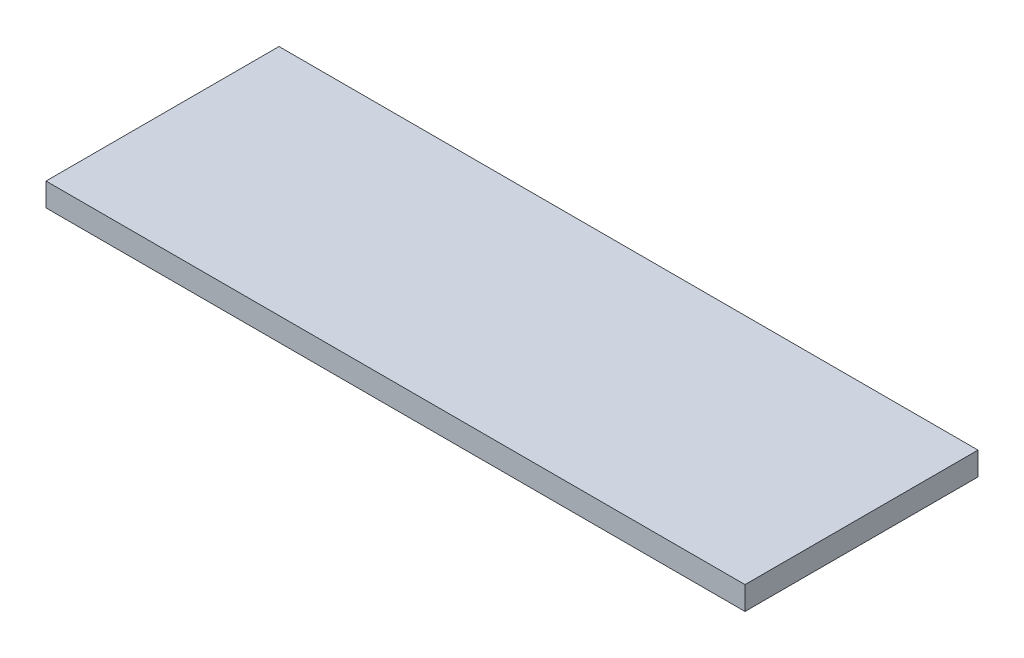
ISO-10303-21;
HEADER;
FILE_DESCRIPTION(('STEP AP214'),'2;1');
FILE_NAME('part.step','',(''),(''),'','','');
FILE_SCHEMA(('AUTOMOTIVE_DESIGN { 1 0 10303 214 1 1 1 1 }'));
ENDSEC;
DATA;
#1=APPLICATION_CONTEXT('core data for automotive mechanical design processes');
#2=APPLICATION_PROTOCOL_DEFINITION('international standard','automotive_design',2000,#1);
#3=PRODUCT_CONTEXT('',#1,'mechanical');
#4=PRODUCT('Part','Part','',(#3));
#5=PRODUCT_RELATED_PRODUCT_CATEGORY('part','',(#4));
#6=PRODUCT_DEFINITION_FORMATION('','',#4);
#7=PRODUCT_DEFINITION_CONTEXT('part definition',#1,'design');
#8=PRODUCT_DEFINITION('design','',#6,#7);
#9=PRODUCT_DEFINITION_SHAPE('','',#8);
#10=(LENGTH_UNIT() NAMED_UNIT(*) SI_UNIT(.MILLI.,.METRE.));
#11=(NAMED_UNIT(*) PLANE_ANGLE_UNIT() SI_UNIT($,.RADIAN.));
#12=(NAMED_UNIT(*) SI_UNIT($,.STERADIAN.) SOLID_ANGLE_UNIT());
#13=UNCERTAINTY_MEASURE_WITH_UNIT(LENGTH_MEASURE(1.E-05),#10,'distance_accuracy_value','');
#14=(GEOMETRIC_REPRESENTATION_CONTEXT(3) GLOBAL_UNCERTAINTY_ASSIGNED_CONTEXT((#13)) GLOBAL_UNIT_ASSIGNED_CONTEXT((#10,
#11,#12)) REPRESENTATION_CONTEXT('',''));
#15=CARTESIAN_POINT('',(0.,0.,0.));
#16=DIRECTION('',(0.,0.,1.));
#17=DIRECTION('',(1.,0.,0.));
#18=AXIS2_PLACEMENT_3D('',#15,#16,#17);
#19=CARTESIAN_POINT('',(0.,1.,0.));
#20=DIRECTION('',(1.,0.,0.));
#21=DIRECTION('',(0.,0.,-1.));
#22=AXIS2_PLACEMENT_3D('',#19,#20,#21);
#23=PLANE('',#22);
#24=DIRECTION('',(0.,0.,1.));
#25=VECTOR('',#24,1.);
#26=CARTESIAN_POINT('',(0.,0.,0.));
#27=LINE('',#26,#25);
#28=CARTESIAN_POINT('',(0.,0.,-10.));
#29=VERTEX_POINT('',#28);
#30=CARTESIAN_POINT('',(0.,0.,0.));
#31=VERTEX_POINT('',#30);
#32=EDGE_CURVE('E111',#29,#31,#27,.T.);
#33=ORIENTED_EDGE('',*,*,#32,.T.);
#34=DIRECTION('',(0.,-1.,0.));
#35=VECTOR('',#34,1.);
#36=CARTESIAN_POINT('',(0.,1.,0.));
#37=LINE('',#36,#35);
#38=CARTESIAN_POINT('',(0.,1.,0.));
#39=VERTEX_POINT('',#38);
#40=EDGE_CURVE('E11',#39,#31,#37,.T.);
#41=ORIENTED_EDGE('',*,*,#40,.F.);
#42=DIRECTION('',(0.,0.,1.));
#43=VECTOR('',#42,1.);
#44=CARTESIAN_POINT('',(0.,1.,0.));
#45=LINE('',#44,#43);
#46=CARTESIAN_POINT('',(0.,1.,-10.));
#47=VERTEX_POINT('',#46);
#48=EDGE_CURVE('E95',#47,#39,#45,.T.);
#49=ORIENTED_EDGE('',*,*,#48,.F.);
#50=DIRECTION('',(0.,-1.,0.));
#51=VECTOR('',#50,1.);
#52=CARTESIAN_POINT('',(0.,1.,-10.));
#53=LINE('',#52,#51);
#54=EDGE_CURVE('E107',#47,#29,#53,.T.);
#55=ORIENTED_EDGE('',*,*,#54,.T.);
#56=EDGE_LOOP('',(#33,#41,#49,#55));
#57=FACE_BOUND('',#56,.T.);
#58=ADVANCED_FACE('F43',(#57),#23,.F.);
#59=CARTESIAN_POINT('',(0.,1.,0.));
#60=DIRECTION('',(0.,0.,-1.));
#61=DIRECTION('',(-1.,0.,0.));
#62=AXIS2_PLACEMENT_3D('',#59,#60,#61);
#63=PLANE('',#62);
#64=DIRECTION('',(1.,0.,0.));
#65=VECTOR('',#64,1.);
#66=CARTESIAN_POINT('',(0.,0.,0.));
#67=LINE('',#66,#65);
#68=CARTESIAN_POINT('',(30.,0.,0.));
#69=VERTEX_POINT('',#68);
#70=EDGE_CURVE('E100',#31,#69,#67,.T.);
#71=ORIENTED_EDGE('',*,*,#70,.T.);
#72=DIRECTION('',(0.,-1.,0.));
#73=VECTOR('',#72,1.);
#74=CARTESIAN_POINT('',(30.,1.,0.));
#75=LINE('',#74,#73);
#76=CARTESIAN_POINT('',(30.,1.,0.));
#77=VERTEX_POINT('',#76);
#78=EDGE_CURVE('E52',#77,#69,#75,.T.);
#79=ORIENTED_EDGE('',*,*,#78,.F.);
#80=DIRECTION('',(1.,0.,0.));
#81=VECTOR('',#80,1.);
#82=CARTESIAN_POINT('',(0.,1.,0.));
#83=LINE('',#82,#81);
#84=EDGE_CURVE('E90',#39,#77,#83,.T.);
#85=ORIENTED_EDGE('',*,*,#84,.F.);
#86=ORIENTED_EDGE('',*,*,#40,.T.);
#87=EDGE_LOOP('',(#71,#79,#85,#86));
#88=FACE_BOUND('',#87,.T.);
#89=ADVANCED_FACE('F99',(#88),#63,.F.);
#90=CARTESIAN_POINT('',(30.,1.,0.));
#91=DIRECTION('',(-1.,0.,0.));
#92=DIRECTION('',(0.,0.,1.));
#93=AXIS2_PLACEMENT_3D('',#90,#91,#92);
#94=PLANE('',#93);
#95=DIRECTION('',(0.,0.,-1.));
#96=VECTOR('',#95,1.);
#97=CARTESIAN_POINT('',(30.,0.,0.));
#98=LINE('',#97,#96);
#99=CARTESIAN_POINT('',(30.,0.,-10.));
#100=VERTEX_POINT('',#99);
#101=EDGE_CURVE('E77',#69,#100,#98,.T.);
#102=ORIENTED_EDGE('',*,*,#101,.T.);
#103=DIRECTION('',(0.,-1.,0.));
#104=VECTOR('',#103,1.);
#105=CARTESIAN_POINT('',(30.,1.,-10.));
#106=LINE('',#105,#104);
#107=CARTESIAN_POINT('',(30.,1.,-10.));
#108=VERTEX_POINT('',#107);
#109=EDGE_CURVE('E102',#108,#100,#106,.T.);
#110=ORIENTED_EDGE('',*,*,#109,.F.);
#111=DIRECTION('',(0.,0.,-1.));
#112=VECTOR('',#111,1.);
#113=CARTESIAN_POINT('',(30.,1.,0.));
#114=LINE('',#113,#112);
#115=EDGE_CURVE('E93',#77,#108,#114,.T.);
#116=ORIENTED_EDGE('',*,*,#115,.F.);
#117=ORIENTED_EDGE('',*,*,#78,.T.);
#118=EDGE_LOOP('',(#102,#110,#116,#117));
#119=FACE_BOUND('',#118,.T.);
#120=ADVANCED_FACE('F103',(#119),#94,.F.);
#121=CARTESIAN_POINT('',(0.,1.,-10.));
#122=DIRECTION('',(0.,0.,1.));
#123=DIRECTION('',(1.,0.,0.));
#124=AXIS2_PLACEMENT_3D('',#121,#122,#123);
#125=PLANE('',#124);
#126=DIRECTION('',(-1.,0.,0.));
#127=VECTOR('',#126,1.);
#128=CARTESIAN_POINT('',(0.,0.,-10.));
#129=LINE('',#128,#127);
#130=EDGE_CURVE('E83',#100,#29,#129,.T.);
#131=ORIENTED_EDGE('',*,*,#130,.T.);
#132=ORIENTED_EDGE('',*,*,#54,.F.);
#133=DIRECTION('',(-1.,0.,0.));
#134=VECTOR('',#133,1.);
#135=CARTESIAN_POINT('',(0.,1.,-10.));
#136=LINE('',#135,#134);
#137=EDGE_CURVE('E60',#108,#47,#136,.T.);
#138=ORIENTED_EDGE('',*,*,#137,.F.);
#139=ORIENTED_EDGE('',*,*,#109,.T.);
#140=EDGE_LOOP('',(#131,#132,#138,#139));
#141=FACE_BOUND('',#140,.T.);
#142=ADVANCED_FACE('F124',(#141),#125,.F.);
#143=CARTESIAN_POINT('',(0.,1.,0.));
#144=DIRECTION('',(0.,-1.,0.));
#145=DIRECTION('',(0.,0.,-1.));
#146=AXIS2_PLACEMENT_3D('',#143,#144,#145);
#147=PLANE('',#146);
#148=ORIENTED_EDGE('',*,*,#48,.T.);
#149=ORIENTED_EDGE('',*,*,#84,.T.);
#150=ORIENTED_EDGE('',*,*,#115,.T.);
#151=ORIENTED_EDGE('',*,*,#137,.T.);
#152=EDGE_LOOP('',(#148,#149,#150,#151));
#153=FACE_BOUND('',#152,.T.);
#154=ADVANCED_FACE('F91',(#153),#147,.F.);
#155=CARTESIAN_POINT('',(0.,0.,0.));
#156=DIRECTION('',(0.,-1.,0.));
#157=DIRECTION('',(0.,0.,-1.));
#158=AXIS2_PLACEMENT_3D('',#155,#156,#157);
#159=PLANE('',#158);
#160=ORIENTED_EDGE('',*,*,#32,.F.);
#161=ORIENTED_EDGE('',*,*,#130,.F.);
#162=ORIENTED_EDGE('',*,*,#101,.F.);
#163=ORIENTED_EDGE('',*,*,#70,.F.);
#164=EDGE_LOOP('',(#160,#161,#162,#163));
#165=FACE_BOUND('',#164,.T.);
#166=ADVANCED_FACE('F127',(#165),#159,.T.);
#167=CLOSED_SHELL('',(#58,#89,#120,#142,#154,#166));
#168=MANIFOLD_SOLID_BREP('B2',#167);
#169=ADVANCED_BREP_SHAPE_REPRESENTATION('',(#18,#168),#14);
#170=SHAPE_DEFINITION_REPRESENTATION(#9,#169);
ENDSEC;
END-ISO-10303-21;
━━━━━━━━━━
WORK ORDER:
The lines above, starting at the one with "#156=DIRECTION('',(0.,-1.,0.));" and ending at the one with "#165=FACE_BOUND('',#164,.T.);", are the only ones to return, exactly as written.

RESPONSE TO THIS TASK:
#156=DIRECTION('',(0.,-1.,0.));
#157=DIRECTION('',(0.,0.,-1.));
#158=AXIS2_PLACEMENT_3D('',#155,#156,#157);
#159=PLANE('',#158);
#160=ORIENTED_EDGE('',*,*,#32,.F.);
#161=ORIENTED_EDGE('',*,*,#130,.F.);
#162=ORIENTED_EDGE('',*,*,#101,.F.);
#163=ORIENTED_EDGE('',*,*,#70,.F.);
#164=EDGE_LOOP('',(#160,#161,#162,#163));
#165=FACE_BOUND('',#164,.T.);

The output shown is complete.